= UDP flood attack =

Type of denial-of-service

A UDP flood attack is a volumetric denial-of-service (DoS) attack using the User Datagram Protocol (UDP), a sessionless/connectionless computer networking protocol.

Using UDP for denial-of-service attacks is not as straightforward as with the Transmission Control Protocol (TCP). However, a UDP flood attack can be initiated by sending a large number of UDP packets to random ports on a remote host. As a result, the distant host will:

- Check for the application listening at that port;
- See that no application listens at that port;
- Reply with an ICMP Destination Unreachable packet.

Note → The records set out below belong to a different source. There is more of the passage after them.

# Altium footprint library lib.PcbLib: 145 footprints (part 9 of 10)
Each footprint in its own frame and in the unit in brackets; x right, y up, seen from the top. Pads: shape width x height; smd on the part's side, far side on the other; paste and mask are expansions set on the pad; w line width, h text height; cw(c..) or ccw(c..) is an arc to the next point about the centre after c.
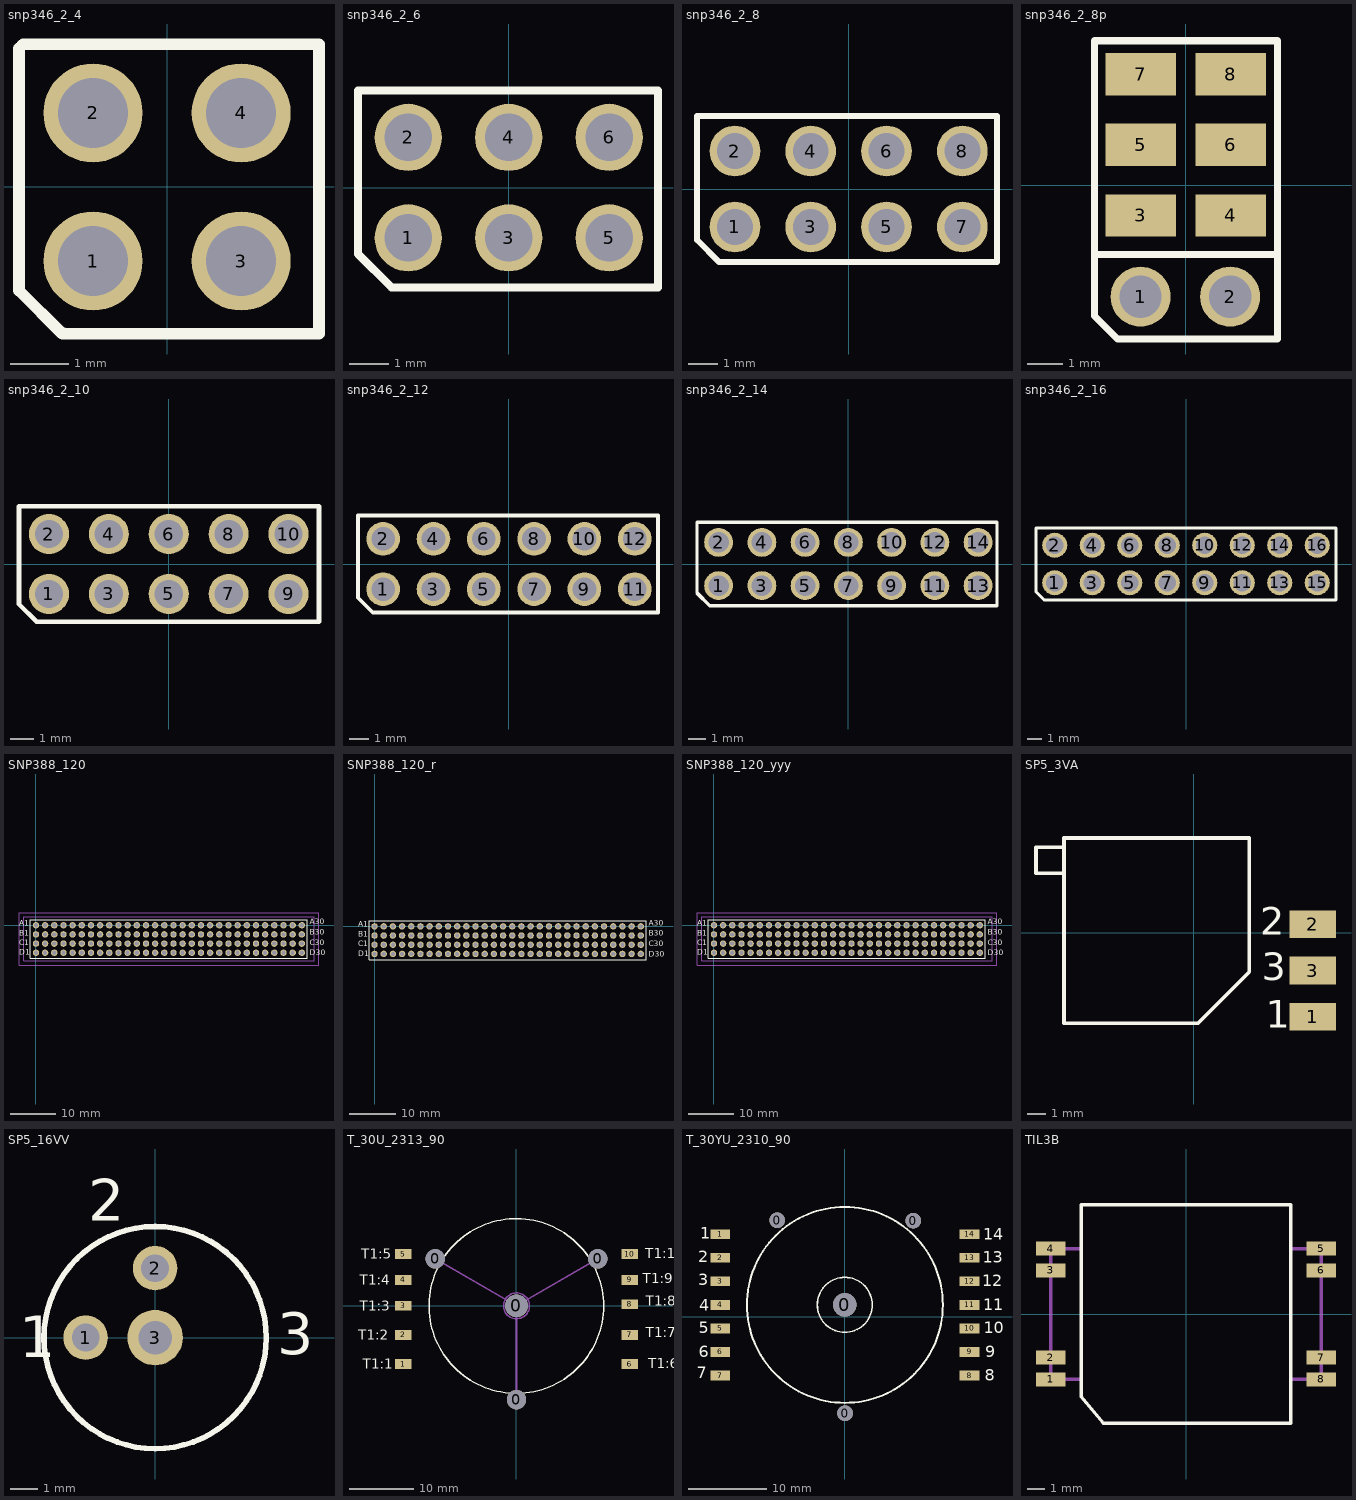
[diagram p8: the footprints below, top view; thin cyan lines are the x and y axes]

## snp346_2_4 [mm]
height 8.8
pads (4):
  round 1.7 hole 1.2: 1(-1.27,-1.27) 2(-1.27,1.27) 3(1.27,-1.27) 4(1.27,1.27)
Top Overlay:
  lines w0.2: -2.54,-1.77 -2.54,-1.775 ; -1.795,-2.52 -2.54,-1.775 ; -1.795,-2.5 -1.775,-2.52 2.605,-2.52 2.605,2.45 -2.465,2.45 -2.54,2.375 -2.54,-1.775
Mechanical 25:
  text "3" at 0.98,-3.77 h2
  text "4" at 1.23,2.73 h2
  text "1" at -1.52,-3.77 h2
  text "2" at -1.52,2.73 h2
3D body: height 2.6, standoff 0, extent -2.55,-2.525 2.65,2.375
3D body: height 6.2, standoff 0, extent -1.75,-1.75 -0.75,-0.75
3D body: height 6.2, standoff 0, extent 0.75,-1.775 1.75,-0.775
3D body: height 6.2, standoff 0, extent 0.75,0.75 1.75,1.75
3D body: height 6.2, standoff 0, extent -1.75,0.725 -0.75,1.725

## snp346_2_6 [mm]
height 8.8
pads (6):
  round 1.7 hole 1.2: 1(-2.54,-1.27) 2(-2.54,1.27) 3(0,-1.27) 4(0,1.27) 5(2.54,-1.27) 6(2.54,1.27)
Top Overlay:
  lines w0.2: -3.81,-1.675 -2.965,-2.52 3.773,-2.52 3.773,2.45 -3.81,2.45 -3.81,-1.675
Mechanical 25:
  text "5" at 3.435,-1.595 h2
  text "6" at 3.485,0.93 h2
  text "1" at -4.065,-1.645 h2
  text "2" at -4.315,0.855 h2
3D body: height 6.2, standoff 0, extent 2.05,0.775 3.05,1.775
3D body: height 6.2, standoff 0, extent 2.05,-1.775 3.05,-0.775
3D body: height 2.6, standoff 0, extent -3.85,-2.5 3.775,2.4
3D body: height 6.2, standoff 0, extent -3.05,-1.725 -2.05,-0.725
3D body: height 6.2, standoff 0, extent -0.55,-1.75 0.45,-0.75
3D body: height 6.2, standoff 0, extent -0.55,0.775 0.45,1.775
3D body: height 6.2, standoff 0, extent -3.05,0.75 -2.05,1.75

## snp346_2_8 [mm]
height 8.8
pads (8):
  round 1.7 hole 1.2: 1(-3.81,-1.27) 2(-3.81,1.27) 3(-1.27,-1.27) 4(-1.27,1.27) 5(1.27,-1.27) 6(1.27,1.27) 7(3.81,-1.27) 8(3.81,1.27)
Top Overlay:
  lines w0.2: -5.08,-1.704 -4.334,-2.45 4.97,-2.45 4.97,2.45 -5.08,2.45 -5.08,-1.704
Mechanical 25:
  text "1" at -5.26,-1.855 h2
  text "2" at -5.36,0.845 h2
  text "8" at 4.9,0.9 h1.5
  text "7" at 5.1,-1.7 h1.5
3D body: height 2.6, standoff 0, extent -5.085,-2.45 4.97,2.45
3D body: height 6.2, standoff 0, extent -4.285,-1.675 -3.285,-0.675
3D body: height 6.2, standoff 0, extent -1.785,-1.7 -0.785,-0.7
3D body: height 6.2, standoff 0, extent -1.785,0.825 -0.785,1.825
3D body: height 6.2, standoff 0, extent -4.285,0.8 -3.285,1.8
3D body: height 6.2, standoff 0, extent 0.79,0.8 1.79,1.8
3D body: height 6.2, standoff 0, extent 3.29,0.825 4.29,1.825
3D body: height 6.2, standoff 0, extent 3.29,-1.7 4.29,-0.7
3D body: height 6.2, standoff 0, extent 0.79,-1.675 1.79,-0.675

## snp346_2_8p [mm]
height 8.8
pads (8):
  round 1.7 hole 1.2: 1(-1.275,-3.15) 2(1.265,-3.15)
  rect 2x1.2 smd: 3(-1.275,-0.85) 4(1.275,-0.85) 5(-1.275,1.15) 6(1.275,1.15) 7(-1.275,3.15) 8(1.275,3.15)
Top Overlay:
  lines w0.2: -2.575,-3.7 -1.925,-4.35 2.6,-4.35 2.6,4.1 -2.575,4.1 -2.575,-3.65 ; -2.575,-1.95 2.565,-1.95
Mechanical 25:
  text "7" at -3.275,2.7 h2
  text "8" at 2.525,2.775 h2
  text "1" at -3.025,-3.7 h2
  text "2" at 2.275,-3.55 h2
3D body: height 0.25, standoff 0, extent 0.175,-1.55 2.375,-0.15
3D body: height 0.25, standoff 0, extent 0.175,0.45 2.375,1.85
3D body: height 0.25, standoff 0, extent 0.175,2.45 2.375,3.85
3D body: height 0.25, standoff 0, extent -2.35,2.45 -0.15,3.85
3D body: height 0.25, standoff 0, extent -2.375,0.45 -0.175,1.85
3D body: height 0.25, standoff 0, extent -2.375,-1.55 -0.175,-0.15
3D body: height 2.6, standoff 0, extent -2.575,-4.375 2.6,-2.05
3D body: height 6.2, standoff 0, extent -1.775,-3.6 -0.775,-2.6
3D body: height 6.2, standoff 0, extent 0.725,-3.625 1.725,-2.625

## snp346_2_10 [mm]
height 8.8
pads (10):
  round 1.7 hole 1.2: 1(-5.08,-1.27) 2(-5.08,1.27) 3(-2.54,-1.27) 4(-2.54,1.27) 5(0,-1.27) 6(0,1.27) 7(2.54,-1.27) 8(2.54,1.27) 9(5.08,-1.27) 10(5.08,1.27)
Top Overlay:
  lines w0.2: -6.35,-1.704 -6.35,2.45 6.37,2.45 6.37,-2.45 -5.604,-2.45 -6.35,-1.704
Mechanical 25:
  text "9" at 6.79,-1.75 h1.5
  text "10" at 6.29,1 h1.5
  text "2" at -6.63,0.845 h2
  text "1" at -6.53,-1.855 h2
3D body: height 6.2, standoff 0, extent -0.48,-1.675 0.52,-0.675
3D body: height 6.2, standoff 0, extent 2.02,-1.7 3.02,-0.7
3D body: height 6.2, standoff 0, extent 2.02,0.825 3.02,1.825
3D body: height 6.2, standoff 0, extent -0.48,0.8 0.52,1.8
3D body: height 6.2, standoff 0, extent 4.62,0.75 5.62,1.75
3D body: height 6.2, standoff 0, extent 4.62,-1.725 5.62,-0.725
3D body: height 6.2, standoff 0, extent -5.555,0.8 -4.555,1.8
3D body: height 6.2, standoff 0, extent -3.055,0.825 -2.055,1.825
3D body: height 6.2, standoff 0, extent -3.055,-1.7 -2.055,-0.7
3D body: height 6.2, standoff 0, extent -5.555,-1.675 -4.555,-0.675
3D body: height 2.6, standoff 0, extent -6.355,-2.45 6.345,2.45

## snp346_2_12 [mm]
height 8.8
pads (12):
  round 1.7 hole 1.2: 1(-6.35,-1.27) 2(-6.35,1.27) 3(-3.81,-1.27) 4(-3.81,1.27) 5(-1.27,-1.27) 6(-1.27,1.27) 7(1.27,-1.27) 8(1.27,1.27) 9(3.81,-1.27) 10(3.81,1.27) 11(6.35,-1.27) 12(6.35,1.27)
Top Overlay:
  lines w0.2: -7.62,-1.704 -6.874,-2.45 7.525,-2.45 7.525,2.45 -7.62,2.45 -7.62,-1.704
Mechanical 25:
  text "12" at 7.375,0.75 h2
  text "11" at 7.15,-1.73 h2
  text "1" at -7.8,-1.855 h2
  text "2" at -7.9,0.845 h2
3D body: height 2.6, standoff 0, extent -7.625,-2.45 7.525,2.45
3D body: height 6.2, standoff 0, extent -6.825,-1.675 -5.825,-0.675
3D body: height 6.2, standoff 0, extent -4.325,-1.7 -3.325,-0.7
3D body: height 6.2, standoff 0, extent -4.325,0.825 -3.325,1.825
3D body: height 6.2, standoff 0, extent -6.825,0.8 -5.825,1.8
3D body: height 6.2, standoff 0, extent 3.35,-1.725 4.35,-0.725
3D body: height 6.2, standoff 0, extent 5.85,-1.75 6.85,-0.75
3D body: height 6.2, standoff 0, extent 5.85,0.775 6.85,1.775
3D body: height 6.2, standoff 0, extent 3.35,0.75 4.35,1.75
3D body: height 6.2, standoff 0, extent -1.75,0.8 -0.75,1.8
3D body: height 6.2, standoff 0, extent 0.75,0.825 1.75,1.825
3D body: height 6.2, standoff 0, extent 0.75,-1.7 1.75,-0.7
3D body: height 6.2, standoff 0, extent -1.75,-1.675 -0.75,-0.675

## snp346_2_14 [mm]
height 8.8
pads (14):
  round 1.7 hole 1.2: 1(-7.62,-1.27) 2(-7.62,1.27) 3(-5.08,-1.27) 4(-5.08,1.27) 5(-2.54,-1.27) 6(-2.54,1.27) 7(0,-1.27) 8(0,1.27) 9(2.54,-1.27) 10(2.54,1.27) 11(5.08,-1.27) 12(5.08,1.27) 13(7.62,-1.27) 14(7.62,1.27)
Top Overlay:
  lines w0.2: -8.89,-1.704 -8.144,-2.45 8.73,-2.45 8.73,2.45 -8.89,2.45 -8.89,-1.704
Mechanical 25:
  text "14" at 8.73,0.75 h2
  text "13" at 8.73,-1.75 h2
  text "1" at -9.07,-1.855 h2
  text "2" at -9.17,0.845 h2
3D body: height 6.2, standoff 0, extent 7.125,0.75 8.125,1.75
3D body: height 6.2, standoff 0, extent 7.125,-1.75 8.125,-0.75
3D body: height 2.6, standoff 0, extent -8.895,-2.45 8.705,2.45
3D body: height 6.2, standoff 0, extent -8.095,-1.675 -7.095,-0.675
3D body: height 6.2, standoff 0, extent -5.595,-1.7 -4.595,-0.7
3D body: height 6.2, standoff 0, extent -5.595,0.825 -4.595,1.825
3D body: height 6.2, standoff 0, extent -8.095,0.8 -7.095,1.8
3D body: height 6.2, standoff 0, extent 2.08,-1.725 3.08,-0.725
3D body: height 6.2, standoff 0, extent 4.58,-1.75 5.58,-0.75
3D body: height 6.2, standoff 0, extent 4.58,0.775 5.58,1.775
3D body: height 6.2, standoff 0, extent 2.08,0.75 3.08,1.75
3D body: height 6.2, standoff 0, extent -3.02,0.8 -2.02,1.8
3D body: height 6.2, standoff 0, extent -0.52,0.825 0.48,1.825
3D body: height 6.2, standoff 0, extent -0.52,-1.7 0.48,-0.7
3D body: height 6.2, standoff 0, extent -3.02,-1.675 -2.02,-0.675

## snp346_2_16 [mm] "massa 0.96"
height 8.8
pads (16):
  round 1.7 hole 1.2: 1(-8.89,-1.27) 2(-8.89,1.27) 3(-6.35,-1.27) 4(-6.35,1.27) 5(-3.81,-1.27) 6(-3.81,1.27) 7(-1.27,-1.27) 8(-1.27,1.27) 9(1.27,-1.27) 10(1.27,1.27) 11(3.81,-1.27) 12(3.81,1.27) 13(6.35,-1.27) 14(6.35,1.27) 15(8.89,-1.27) 16(8.89,1.27)
Top Overlay:
  lines w0.2: -10.16,-1.87 -10.16,-1.88 ; -10.16,-1.88 -10.16,2.45 10.16,2.45 10.16,-2.45 -9.59,-2.45 ; -10.16,-1.88 -9.59,-2.45 ; -10.16,-1.88 -9.59,-2.45
Mechanical 25:
  text "2" at -10.922,0.762 h2
  text "1" at -10.922,-2.286 h2
  text "16" at 10.168,0.762 h2
  text "15" at 10.168,-1.778 h2

## SNP388_120 [mm] "переходник с кожухом m=21g"
height 9.6
pads (120):
  round 1.4 hole 0.9: 1(0,0) 2(2,0) 3(4,0) 4(6,0) 5(8,0) 6(10,0) 7(12,0) 8(14,0) 9(16,0) 10(18,0) 11(20,0) 12(22,0) 13(24,0) 14(26,0) 15(28,0) 16(30,0) 17(32,0) 18(34,0) 19(36,0) 20(38,0) 21(40,0) 22(42,0) 23(44,0) 24(46,0) 25(48,0) 26(50,0) 27(52,0) 28(54,0) 29(56,0) 30(58,0) 31(0,-2) 32(2,-2) 33(4,-2) 34(6,-2) 35(8,-2) 36(10,-2) 37(12,-2) 38(14,-2) 39(16,-2) 40(18,-2) 41(20,-2) 42(22,-2) 43(24,-2) 44(26,-2) 45(28,-2) 46(30,-2) 47(32,-2) 48(34,-2) 49(36,-2) 50(38,-2) 51(40,-2) 52(42,-2) 53(44,-2) 54(46,-2) 55(48,-2) 56(50,-2) 57(52,-2) 58(54,-2) 59(56,-2) 60(58,-2) 61(0,-4) 62(2,-4) 63(4,-4) 64(6,-4) 65(8,-4) 66(10,-4) 67(12,-4) 68(14,-4) 69(16,-4) 70(18,-4) 71(20,-4) 72(22,-4) 73(24,-4) 74(26,-4) 75(28,-4) 76(30,-4) 77(32,-4) 78(34,-4) 79(36,-4) 80(38,-4) 81(40,-4) 82(42,-4) 83(44,-4) 84(46,-4) 85(48,-4) 86(50,-4) 87(52,-4) 88(54,-4) 89(56,-4) 90(58,-4) 91(0,-6) 92(2,-6) 93(4,-6) 94(6,-6) 95(8,-6) 96(10,-6) 97(12,-6) 98(14,-6) 99(16,-6) 100(18,-6) 101(20,-6) 102(22,-6) 103(24,-6) 104(26,-6) 105(28,-6) 106(30,-6) 107(32,-6) 108(34,-6) 109(36,-6) 110(38,-6) 111(40,-6) 112(42,-6) 113(44,-6) 114(46,-6) 115(48,-6) 116(50,-6) 117(52,-6) 118(54,-6) 119(56,-6) 120(58,-6)
Top Overlay:
  lines w0.2: -1.2,-7.25 -1.2,1.25 59.2,1.25 59.2,-7.25 -1.2,-7.25
  text "D1" at -3.6,-6.9 h2
  text "B1" at -3.6,-2.7 h2
  text "A1" at -3.602,-0.5 h2
  text "C1" at -3.6,-4.8 h2
  text "D30" at 59.75,-7 h2
  text "B30" at 59.75,-2.5 h2
  text "A30" at 59.748,-0.25 h2
  text "C30" at 59.75,-4.75 h2
Mechanical 6:
  lines w0.2: -3.7,-8.7 61.7,-8.7 61.7,2.7 -3.7,2.7 -3.7,-8.7 ; -2.7,-7.7 -2.7,1.8 60.7,1.8 60.7,-7.7 -2.7,-7.7
Mechanical 25:
  text "C30" at 59.75,-4.75 h2
  text "A30" at 59.748,-0.25 h2
  text "B30" at 59.75,-2.5 h2
  text "D30" at 59.75,-7 h2
  text "C1" at -3.05,-4.75 h2
  text "A1" at -3.042,-0.5 h2
  text "B1" at -2.907,-2.75 h2
  text "D1" at -3,-6.75 h2
3D body "pc_104_kpc120sr060tan.stp": height 9.35, standoff -15.84, extent -3.161,-8.655 61.139,2.645

## SNP388_120_r [mm] "розетка m=12g"
height 9.6
pads (120):
  round 1.4 hole 0.9: 1(0,0) 2(2,0) 3(4,0) 4(6,0) 5(8,0) 6(10,0) 7(12,0) 8(14,0) 9(16,0) 10(18,0) 11(20,0) 12(22,0) 13(24,0) 14(26,0) 15(28,0) 16(30,0) 17(32,0) 18(34,0) 19(36,0) 20(38,0) 21(40,0) 22(42,0) 23(44,0) 24(46,0) 25(48,0) 26(50,0) 27(52,0) 28(54,0) 29(56,0) 30(58,0) 31(0,-2) 32(2,-2) 33(4,-2) 34(6,-2) 35(8,-2) 36(10,-2) 37(12,-2) 38(14,-2) 39(16,-2) 40(18,-2) 41(20,-2) 42(22,-2) 43(24,-2) 44(26,-2) 45(28,-2) 46(30,-2) 47(32,-2) 48(34,-2) 49(36,-2) 50(38,-2) 51(40,-2) 52(42,-2) 53(44,-2) 54(46,-2) 55(48,-2) 56(50,-2) 57(52,-2) 58(54,-2) 59(56,-2) 60(58,-2) 61(0,-4) 62(2,-4) 63(4,-4) 64(6,-4) 65(8,-4) 66(10,-4) 67(12,-4) 68(14,-4) 69(16,-4) 70(18,-4) 71(20,-4) 72(22,-4) 73(24,-4) 74(26,-4) 75(28,-4) 76(30,-4) 77(32,-4) 78(34,-4) 79(36,-4) 80(38,-4) 81(40,-4) 82(42,-4) 83(44,-4) 84(46,-4) 85(48,-4) 86(50,-4) 87(52,-4) 88(54,-4) 89(56,-4) 90(58,-4) 91(0,-6) 92(2,-6) 93(4,-6) 94(6,-6) 95(8,-6) 96(10,-6) 97(12,-6) 98(14,-6) 99(16,-6) 100(18,-6) 101(20,-6) 102(22,-6) 103(24,-6) 104(26,-6) 105(28,-6) 106(30,-6) 107(32,-6) 108(34,-6) 109(36,-6) 110(38,-6) 111(40,-6) 112(42,-6) 113(44,-6) 114(46,-6) 115(48,-6) 116(50,-6) 117(52,-6) 118(54,-6) 119(56,-6) 120(58,-6)
Top Overlay:
  lines w0.2: -1.2,-7.25 -1.2,1.25 59.2,1.25 59.2,-7.25 -1.2,-7.25
  text "D1" at -3.6,-6.9 h2
  text "B1" at -3.6,-2.7 h2
  text "A1" at -3.602,-0.5 h2
  text "C1" at -3.6,-4.8 h2
  text "D30" at 59.75,-7 h2
  text "B30" at 59.75,-2.5 h2
  text "A30" at 59.748,-0.25 h2
  text "C30" at 59.75,-4.75 h2
Mechanical 25:
  text "C30" at 59.75,-4.75 h2
  text "A30" at 59.748,-0.25 h2
  text "B30" at 59.75,-2.5 h2
  text "D30" at 59.75,-7 h2
  text "C1" at -3.05,-4.75 h2
  text "A1" at -3.042,-0.5 h2
  text "B1" at -2.907,-2.75 h2
  text "D1" at -3,-6.75 h2
3D body: height 9.6, standoff 0, extent -1.2,-7.2 59.2,1.2

## SNP388_120_yyy [mm]
height 9.6
pads (120):
  round 1.4 hole 0.9: 1(0,0) 2(2,0) 3(4,0) 4(6,0) 5(8,0) 6(10,0) 7(12,0) 8(14,0) 9(16,0) 10(18,0) 11(20,0) 12(22,0) 13(24,0) 14(26,0) 15(28,0) 16(30,0) 17(32,0) 18(34,0) 19(36,0) 20(38,0) 21(40,0) 22(42,0) 23(44,0) 24(46,0) 25(48,0) 26(50,0) 27(52,0) 28(54,0) 29(56,0) 30(58,0) 31(0,-2) 32(2,-2) 33(4,-2) 34(6,-2) 35(8,-2) 36(10,-2) 37(12,-2) 38(14,-2) 39(16,-2) 40(18,-2) 41(20,-2) 42(22,-2) 43(24,-2) 44(26,-2) 45(28,-2) 46(30,-2) 47(32,-2) 48(34,-2) 49(36,-2) 50(38,-2) 51(40,-2) 52(42,-2) 53(44,-2) 54(46,-2) 55(48,-2) 56(50,-2) 57(52,-2) 58(54,-2) 59(56,-2) 60(58,-2) 61(0,-4) 62(2,-4) 63(4,-4) 64(6,-4) 65(8,-4) 66(10,-4) 67(12,-4) 68(14,-4) 69(16,-4) 70(18,-4) 71(20,-4) 72(22,-4) 73(24,-4) 74(26,-4) 75(28,-4) 76(30,-4) 77(32,-4) 78(34,-4) 79(36,-4) 80(38,-4) 81(40,-4) 82(42,-4) 83(44,-4) 84(46,-4) 85(48,-4) 86(50,-4) 87(52,-4) 88(54,-4) 89(56,-4) 90(58,-4) 91(0,-6) 92(2,-6) 93(4,-6) 94(6,-6) 95(8,-6) 96(10,-6) 97(12,-6) 98(14,-6) 99(16,-6) 100(18,-6) 101(20,-6) 102(22,-6) 103(24,-6) 104(26,-6) 105(28,-6) 106(30,-6) 107(32,-6) 108(34,-6) 109(36,-6) 110(38,-6) 111(40,-6) 112(42,-6) 113(44,-6) 114(46,-6) 115(48,-6) 116(50,-6) 117(52,-6) 118(54,-6) 119(56,-6) 120(58,-6)
Top Overlay:
  lines w0.2: -1.2,-7.25 59.2,-7.25 59.2,1.25 -1.2,1.25 -1.2,-7.25
  text "C30" at 59.75,-4.75 h2
  text "A30" at 59.748,-0.25 h2
  text "B30" at 59.75,-2.5 h2
  text "D30" at 59.75,-7 h2
  text "C1" at -3.6,-4.8 h2
  text "A1" at -3.602,-0.5 h2
  text "B1" at -3.6,-2.7 h2
  text "D1" at -3.6,-6.9 h2
Mechanical 6:
  lines w0.2: -3.7,-8.7 -3.7,2.7 61.7,2.7 61.7,-8.7 -3.7,-8.7 ; -2.7,-7.7 60.7,-7.7 60.7,1.8 -2.7,1.8 -2.7,-7.7
Mechanical 25:
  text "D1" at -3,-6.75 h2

Thus, for a large number of UDP packets, the victimized system will be forced into sending many ICMP packets, eventually leading it to be unreachable by other clients. The attacker(s) may also spoof the IP address of the UDP packets, ensuring that the excessive ICMP return packets do not reach them, and anonymizing their network location(s). Most operating systems mitigate this part of the attack by limiting the rate at which ICMP responses are sent.

Tools for performing UDP flood attacks include:

- Low Orbit Ion Cannon
- UDP Unicorn

This attack can be managed by deploying firewalls at key points in a network to filter out unwanted network traffic. The potential victim never receives and never responds to the malicious UDP packets because the firewall stops them. However, as firewalls are 'stateful' i.e. can only hold a number of sessions, firewalls can also be susceptible to flood attacks.